### Try it
Output exactly the lines below, starting with the line that has "<!-- layer: Border -->" and going on through the line that has "<!-- layer: TitleBlock -->", both included, and no other lines.

### Listed records
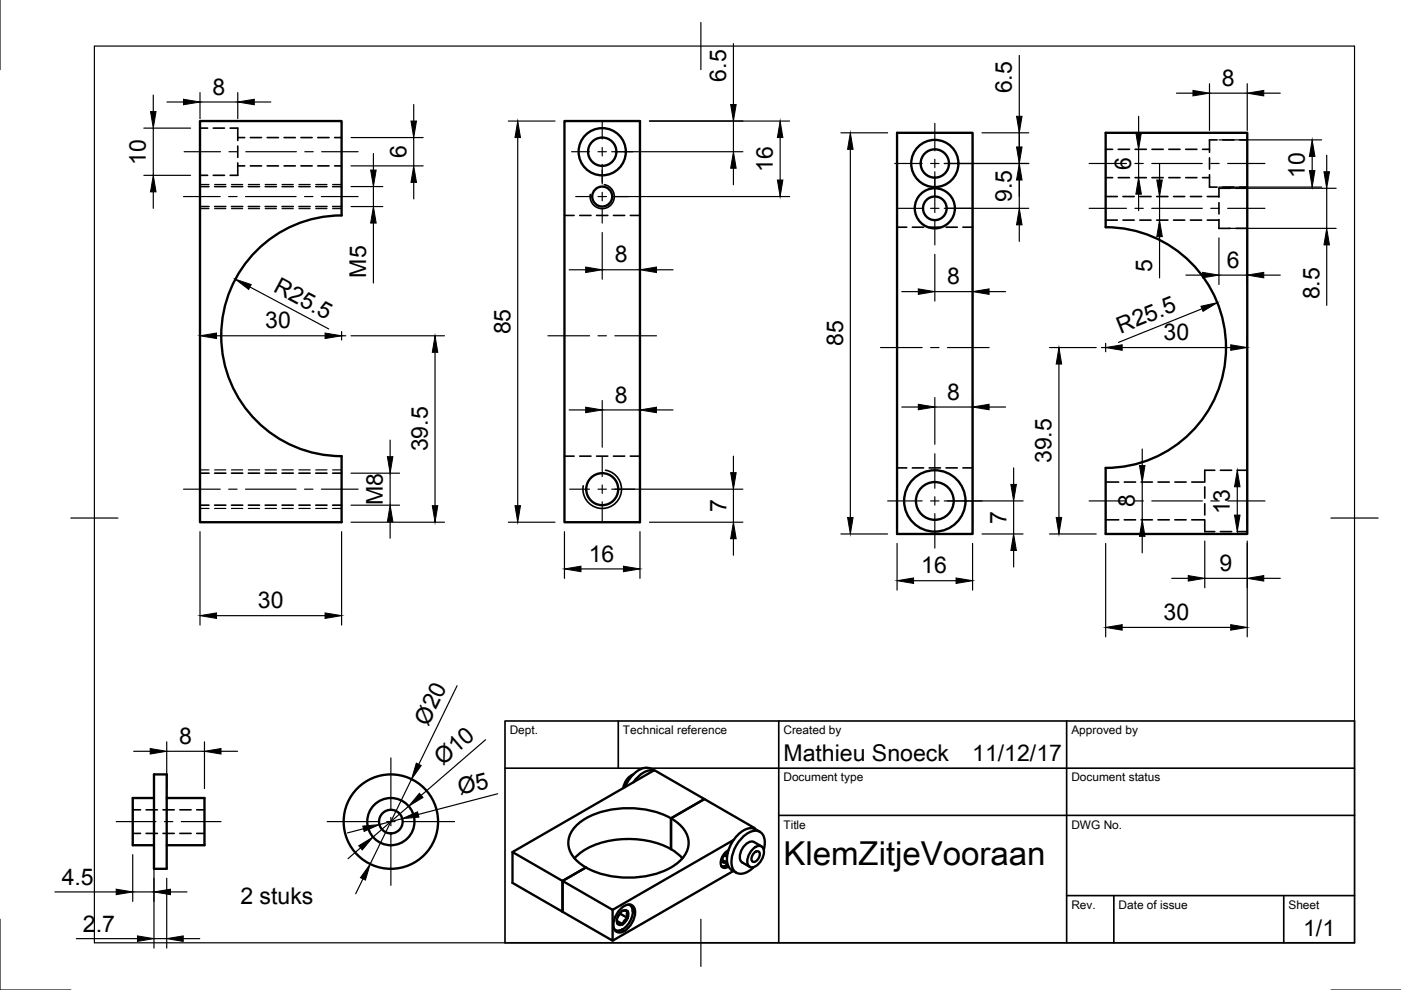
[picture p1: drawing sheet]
<svg xmlns="http://www.w3.org/2000/svg" width="297mm" height="210mm" viewBox="0 0 297 210" stroke-linecap="round" stroke-linejoin="round" font-family="sans-serif">
<!-- layer: Visible -->
<g fill="none" stroke="#000" stroke-width=".5">
<path d="M42.4 25.7h30v20a25.5 25.5 0 0 0-25.5 25.5 25.5 25.5 0 0 0 25.5 25.5v14h-30zM119.7 25.7h16v85h-16zM190.2 28.2h16v85h-16zM234.4 28.2h30v85h-30v-14a25.5 25.5 0 0 0 25.5-25.5 25.5 25.5 0 0 0-25.5-25.5zM32.6 164.2h2.7v20h-2.7zM32.6 169.2h-4.5v10h4.5M35.3 169.2h8.1v10h-8.1M134.3 164.2a3.8 3.8 0 0 0-2.2 2.9M138.6 163.4a4.5 4.5 0 0 0-4.3 2.4M138.6 163.4a2.91 2.91 0 0 0-4 .5l-1.2 1.3-.9 1.7M142.3 173.5l7-4.1-10.6-6.1-30 17.4 10.6 6.1M142.3 173.5v6.5"/>
<path d="M142.3 173.5a6.3 6.3 0 0 1 3.7 5.6 6.6 6.6 0 0 1-3.7 4.8 19.9 19.9 0 0 1-18.1 0M142.3 173.5a19.9 19.9 0 0 0-18.1 0 6.3 6.3 0 0 0-3.7 5.6 6.6 6.6 0 0 0 3.7 4.8M155.5 178.1l-25.6 14.8-10.6-6.1M159.7 179.9a1.37 1.37 0 0 1 2-.2 3.3 3.3 0 0 1-2.4 4.2 1.26 1.26 0 0 1-.8-1.8 4.2 4.2 0 0 1 1.2-2.2zM159.8 175.7l.2-.2-10.7-6.1-7 4.1v6.5M160 175.5v.2M161.1 176.4a2.93 2.93 0 0 0-4.1 .1 7.5 7.5 0 0 0-2.8 6.4 2.64 2.64 0 0 0 1.9 2.1M161.5 179.4l-1.6-.9a2.21 2.21 0 0 0-2.5 1.5 2.21 2.21 0 0 0 0 2.9l1.6 .9M108.7 180.7v6.5l10.6 6.1v-6.5M124.2 183.9l-4.9 2.9v6.5l10.6 6.1v-6.5M124.2 183.9l-4.9 2.9M130.8 195.3l1.2 .7"/>
<path d="M131.4 192.9a2.12 2.12 0 0 1 2.8-.8 2.91 2.91 0 0 1 0 3.3 3.8 3.8 0 0 1-2.8 2.3 1.6 1.6 0 0 1-1.3-2.3 5.4 5.4 0 0 1 1.3-2.5zM131.5 193.6l-.5 .7M131.5 193.7l1.6 .9M132 197l-.8 .4h-.7M132 193.1l1.1 .1M132 193.1a.75 .75 0 0 1 1.1 .1M132 193.1a2.34 2.34 0 0 0-1.1 2.8 .75 .75 0 0 0 1.1 .1M133.1 193.2l-.2 .6 .2 .8M133.1 194.6l-.9 .9a.51 .51 0 0 1-.3 .4 .51 .51 0 0 1-.6-.1h-.2a.21 .21 0 0 1-.3 0 .21 .21 0 0 1 0-.3v-.3M133.1 193.2a1.58 1.58 0 0 1 0 1.4M133.1 194.6l-.5 .8-.6 .6M133.3 191.8a1.87 1.87 0 0 1 .7 2.6 4 4 0 0 1-3 2.9l-.8-.3"/>
<path d="M133.7 191.8l.4 .6 .1 .9M142.3 180l1.3 1 1.1 1M142.3 180a19.8 19.8 0 0 0-18.4 .3l-2.1 1.7M153.1 182.3l.1 .5h.5a.3 .3 0 0 0 .3-.1 .3 .3 0 0 0 .1-.3M153.1 182.4l.8 .4M153.6 181.2l-.3 .5M153.6 181.3l.5 .4M153.9 183.5l-.9 .3M153.9 180.9a1.36 1.36 0 0 0-.5 2l.5-.1M154.1 182.7l-.2 .1M154.3 183.3a1.19 1.19 0 0 1-1.4 .3M154.3 180.9h-.4"/>
<path d="M154.3 180.8l-.4 .1M154.5 180.3a2.85 2.85 0 0 0-1.5 3.4 1.01 1.01 0 0 0 1.5 0M155.5 184.7l-25.6 14.7M159.9 180.8a.65 .65 0 0 1 1.1-.1 1.54 1.54 0 0 1-1.4 2 1.41 1.41 0 0 1 .3-1.9zM161.9 180.2a3.2 3.2 0 0 0-.8-3.9 3.2 3.2 0 0 0-3.4 1 6.9 6.9 0 0 0-2.4 6.9 2.05 2.05 0 0 0 3.2 .7l1.3-1.1"/>
<circle cx="127.7" cy="32.2" r="5"/>
<circle cx="127.7" cy="32.2" r="3"/>
<circle cx="198.2" cy="34.7" r="5"/>
<circle cx="198.2" cy="34.7" r="3"/>
<circle cx="127.7" cy="41.7" r="2.12"/>
<circle cx="198.2" cy="44.2" r="4.3"/>
<circle cx="198.2" cy="44.2" r="2.5"/>
<circle cx="127.7" cy="103.7" r="3.4"/>
<circle cx="198.2" cy="106.2" r="6.5"/>
<circle cx="198.2" cy="106.2" r="4"/>
<circle cx="82.9" cy="174.2" r="5"/>
<circle cx="82.9" cy="174.2" r="2.5"/>
<circle cx="82.9" cy="174.2" r="10"/>
</g>
<!-- layer: Hidden -->
<g fill="none" stroke="#000" stroke-width=".35">
<path d="M42.4 27.2h1.6M42.4 37.2h1.6M42.4 39.6h1.9M45.2 27.2h2.4M45.2 37.2h2.4M45.5 39.6h2.4M48.8 27.2h1.6v2.6M49.1 39.6h2.4M50.4 31v2.4M50.4 34.6v2.6h-1.6M50.4 35.2h1.5M50.4 29.2h1.5"/>
<path d="M52.6 39.6h2.4M53.1 35.2h2.4M53.1 29.2h2.4M56.2 39.6h2.4M56.7 35.2h2.3M56.7 29.2h2.3M59.8 39.6h2.4M60.2 35.2h2.4M60.2 29.2h2.4M63.4 39.6h2.4M63.8 35.2h2.4M63.8 29.2h2.4"/>
<path d="M66.9 39.6h2.4M67.4 35.2h2.4M67.4 29.2h2.4M70.5 39.6h1.9M70.9 35.2h1.5M70.9 29.2h1.5M234.4 37.7h1.5M234.4 31.7h1.5M237.1 37.7h2.4M237.1 31.7h2.4M240.7 37.7h2.3M240.7 31.7h2.3"/>
<path d="M244.2 37.7h2.4M244.2 31.7h2.4M247.8 37.7h2.4M247.8 31.7h2.4M251.4 37.7h2.4M251.4 31.7h2.4M255 37.7h1.4M255 31.7h1.4M256.4 37v2.7h1.7M256.4 33.5v2.4M258.1 29.7h-1.7v2.6M259.2 39.7h2.4"/>
<path d="M259.2 29.7h2.4M260.8 39.9h-2.4v1.9M262 39.9h2.4M262.8 39.7h1.6M262.8 29.7h1.6M42.4 43.8h1.9M45.5 43.8h2.4M49.1 43.8h2.4M52.6 43.8h2.4M56.2 43.8h2.4M59.8 43.8h2.4M63.4 43.8h2.4"/>
<path d="M66.9 43.8h2.4M70.5 43.8h1.9M119.7 45.7h2M122.9 45.7h2.4M126.5 45.7h2.4M130.1 45.7h2.3M133.6 45.7h2.1M190.2 48.2h2M193.4 48.2h2.4M197 48.2h2.4M200.6 48.2h2.4M204.2 48.2h2"/>
<path d="M234.4 46.7h2.5M234.4 41.7h2.5M238.1 46.7h2.4M238.1 41.7h2.4M241.7 46.7h2.3M241.7 41.7h2.3M245.2 46.7h2.4M245.2 41.7h2.4M248.8 46.7h2.4M248.8 41.7h2.4M252.4 46.7h2.4M252.4 41.7h2.4"/>
<path d="M256 46.7h2.4M256 41.7h2.4M258.4 46.6v1.8h2.4M258.4 43v2.4M262 48.4h2.4M119.7 96.7h2M122.9 96.7h2.4M126.5 96.7h2.4M130.1 96.7h2.3M133.6 96.7h2.1M190.2 99.2h2M193.4 99.2h2.4"/>
<path d="M197 99.2h2.4M200.6 99.2h2.4M204.2 99.2h2M257.6 99.7h-2.2v2.3M258.7 99.7h2.4M262.3 99.7h2.1M42.4 107.1h1.9M42.4 100.3h1.9M45.5 107.1h2.4M45.5 100.3h2.4M49.1 107.1h2.4M49.1 100.3h2.4"/>
<path d="M52.6 107.1h2.4M52.6 100.3h2.4M56.2 107.1h2.4M56.2 100.3h2.4M59.8 107.1h2.4M59.8 100.3h2.4M63.4 107.1h2.4M63.4 100.3h2.4M66.9 107.1h2.4M66.9 100.3h2.4M70.5 107.1h1.9M70.5 100.3h1.9"/>
<path d="M234.4 110.2h2.8M234.4 102.2h2.8M238.4 110.2h2.4M238.4 102.2h2.4M241.9 110.2h2.4M241.9 102.2h2.4M245.5 110.2h2.4M245.5 102.2h2.4M249.1 110.2h2.4M249.1 102.2h2.4M252.7 110.2h2.7M252.7 102.2h2.7"/>
<path d="M255.4 110.4v2.3h2.2M255.4 106.8v2.4M255.4 103.2v2.4M258.7 112.7h2.4M262.3 112.7h2.1M28.1 176.7h1.7M28.1 171.7h1.7M31 176.7h2.4M31 171.7h2.4M34.6 176.7h2.3M34.6 171.7h2.3M38.1 176.7h2.4"/>
<path d="M38.1 171.7h2.4M41.7 176.7h1.7M41.7 171.7h1.7"/>
</g>
<!-- layer: Hidden Narrow -->
<g fill="none" stroke="#000" stroke-width=".25">
<path d="M42.4 39.1h1.9M45.5 39.1h2.4M49.1 39.1h2.4M52.6 39.1h2.4M56.2 39.1h2.4M59.8 39.1h2.4M63.4 39.1h2.4M66.9 39.1h2.4M70.5 39.1h1.9M42.4 44.2h1.9M45.5 44.2h2.4M49.1 44.2h2.4"/>
<path d="M52.6 44.2h2.4M56.2 44.2h2.4M59.8 44.2h2.4M63.4 44.2h2.4M66.9 44.2h2.4M70.5 44.2h1.9M42.4 99.6h1.9M45.5 99.6h2.4M49.1 99.6h2.4M52.6 99.6h2.4M56.2 99.6h2.4M59.8 99.6h2.4"/>
<path d="M63.4 99.6h2.4M66.9 99.6h2.4M70.5 99.6h1.9M42.4 107.8h1.9M45.5 107.8h2.4M49.1 107.8h2.4M52.6 107.8h2.4M56.2 107.8h2.4M59.8 107.8h2.4M63.4 107.8h2.4M66.9 107.8h2.4M70.5 107.8h1.9"/>
</g>
<!-- layer: Visible Narrow -->
<path d="M128.1 39.2a2.56 2.56 0 0 1 2.1 2.9 2.56 2.56 0 0 1-3 2.1 2.56 2.56 0 0 1-2-3M128.4 99.7a4.1 4.1 0 0 1 3.3 4.7 4.1 4.1 0 0 1-4.7 3.3 4.1 4.1 0 0 1-3.3-4.7" fill="none" stroke="#000" stroke-width=".35"/>
<!-- layer: Border -->
<path d="M0 0v14.8M20 9.8h267.2v190.1h-267.2zM148.6 4.8v10M15 109.8h10M282.2 109.8h10M0 194.9v15h15M148.6 194.9v10M282.2 209.9h14.9" fill="none" stroke="#000" stroke-width=".25"/>
<!-- layer: TitleBlock -->
<path d="M107.1 152.9h180.1v47h-180.1zM131.1 152.9v10M165.1 152.9v47M226.1 152.9v47M107.1 162.9h180.1M165.1 172.9h122.1M226.1 189.9h61.1M236.2 189.9v10M272.2 189.9v10" fill="none" stroke="#000" stroke-width=".35"/>
<!-- layer: Dimensions -->
<g fill="none" stroke="#000" stroke-width=".25">
<path d="M42.4 19.6v5.6M50.4 19.6v5.6M155.5 9.3v12.9M216.1 11.7v13M249.4 19.8h3.5M256.4 17.8v9.9M256.4 19.8h8M264.4 17.8v9.9M267.9 19.8h3.5M30.5 27.2h9.9M30.5 37.2h9.9M32.5 20.2v3.5"/>
<path d="M32.5 27.2v10M35.4 21.6h3.5M42.4 21.6h8M53.9 21.6h3.5M74.4 29.2h15.3M74.4 35.2h15.3M74.4 39.6h6.8M79.2 32.6v3.5M79.2 39.6v4.2M87.7 22.2v3.5M87.7 29.2v6M87.7 38.7v3.5"/>
<path d="M107.8 25.7h9.9M109.8 29.2v78M129.7 32.2h27.8M135.7 27.7v31.5M137.7 25.7h29.7M155.5 25.7v6.5M155.5 35.7v3.5M165.4 29.2v9M178.3 28.2h9.9M180.3 31.7v78M200.2 34.7h17.9M206.2 30.2v33.6"/>
<path d="M208.2 28.2h9.9M216.1 27.7v16.5M241.4 24.7v3.5M241.4 31.7v6M245.8 34.7v3.5M258.4 29.7h21.8M258.4 39.7h21.8M260.4 39.9h22.9M278.2 33.2v3M281.3 32.9v3.5M281.3 39.9v8.5M32.5 40.7v3.5"/>
<path d="M74.4 43.8h6.8M79.2 47.3v12.7M120.7 57.2h3.5M127.7 49.3v9.9M127.7 57.2h8M129.7 41.7h37.7M139.2 57.2h3.5M198.2 53.9v9.9M200.2 44.2h17.9M216.1 47.7v3.5M241.4 41.2v3.5M245.8 41.7v5"/>
<path d="M245.8 50.2v8.7M251.4 58.3h3.5M258.4 50.4v9.9M258.4 58.3h6M260.4 48.4h22.9M264.4 50.4v9.9M267.9 58.3h3.5M281.3 51.9v12.8M42.4 69.2v39.5M45.9 71.2h23M53 60.8l16.7 8.9M74.4 71.2h19.8"/>
<path d="M92.2 74.7v32.5M191.2 61.8h3.5M198.2 61.8h8M209.7 61.8h3.5M222.5 73.7h9.9M224.5 77.2v32.5M237.9 73.7h23M254.8 65.5l-17.7 7.1M264.4 71.7v39.5M82.7 93.3v3.5M120.7 86.9h3.5M127.7 84.9v9.9"/>
<path d="M127.7 86.9h8M135.7 84.9v23.8M139.2 86.9h3.5M155.5 96.7v3.5M191.2 86.3h3.5M198.2 84.3v9.9M198.2 86.3h8M206.2 84.3v26.9M209.7 86.3h3.5M214.9 99.2v3.5M242.2 95.2v3.5M42.4 112.7v19.8"/>
<path d="M72.4 112.7v19.8M74.4 110.7h19.8M74.4 100.3h10.3M74.4 107.1h10.3M82.7 100.3v6.8M82.7 110.6v3.5M107.8 110.7h9.9M119.7 112.7v9.9M129.7 103.7h27.8M135.7 112.7v9.9M137.7 110.7h19.8M155.5 103.7v7"/>
<path d="M155.5 114.2v3.5M178.3 113.2h9.9M190.2 115.2v9.9M200.2 106.2h16.7M206.2 115.2v9.9M208.2 113.2h8.7M214.9 106.2v7M214.9 116.7v3.5M222.5 113.2h9.9M234.4 115.2v19.8M242.2 102.2v8M242.2 113.7v3.5"/>
<path d="M255.4 114.7v9.9M262.3 103.2v6M264.4 114.7v20.3M45.9 130.5h23M123.2 120.6h9M193.7 123.1h9M237.9 133h23M248.4 122.6h3.5M255.4 122.6h9M267.9 122.6h3.5M28.3 159.3h3.5M35.3 157.3v9.9"/>
<path d="M35.3 159.3h8.1M43.4 157.3v9.9M46.9 159.3h3.5M96.9 145.4l-8.1 16.7M103 156.8l-13.7 11.8M76.4 179.8l-2.6 2.3M77.1 175.7l-3.4 .9M85.3 173.6l-4.9 1.2M86.7 170.9l-7.6 6.6M87.3 165.2l-8.8 18M105.5 168.3l-16.8 4.4M11.6 189.1h13"/>
<path d="M16.2 199h12.9M28.1 181.2v9.9M28.1 189.1h4.5M32.6 181.2v19.8M32.6 199h2.7M35.3 186.2v14.8M36.1 189.1h3.6M38.9 199h3.5M77 186.3l-1.6 3.2"/>
</g>
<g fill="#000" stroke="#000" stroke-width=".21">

### Answer to this problem
<!-- layer: Border -->
<path d="M0 0v14.8M20 9.8h267.2v190.1h-267.2zM148.6 4.8v10M15 109.8h10M282.2 109.8h10M0 194.9v15h15M148.6 194.9v10M282.2 209.9h14.9" fill="none" stroke="#000" stroke-width=".25"/>
<!-- layer: TitleBlock -->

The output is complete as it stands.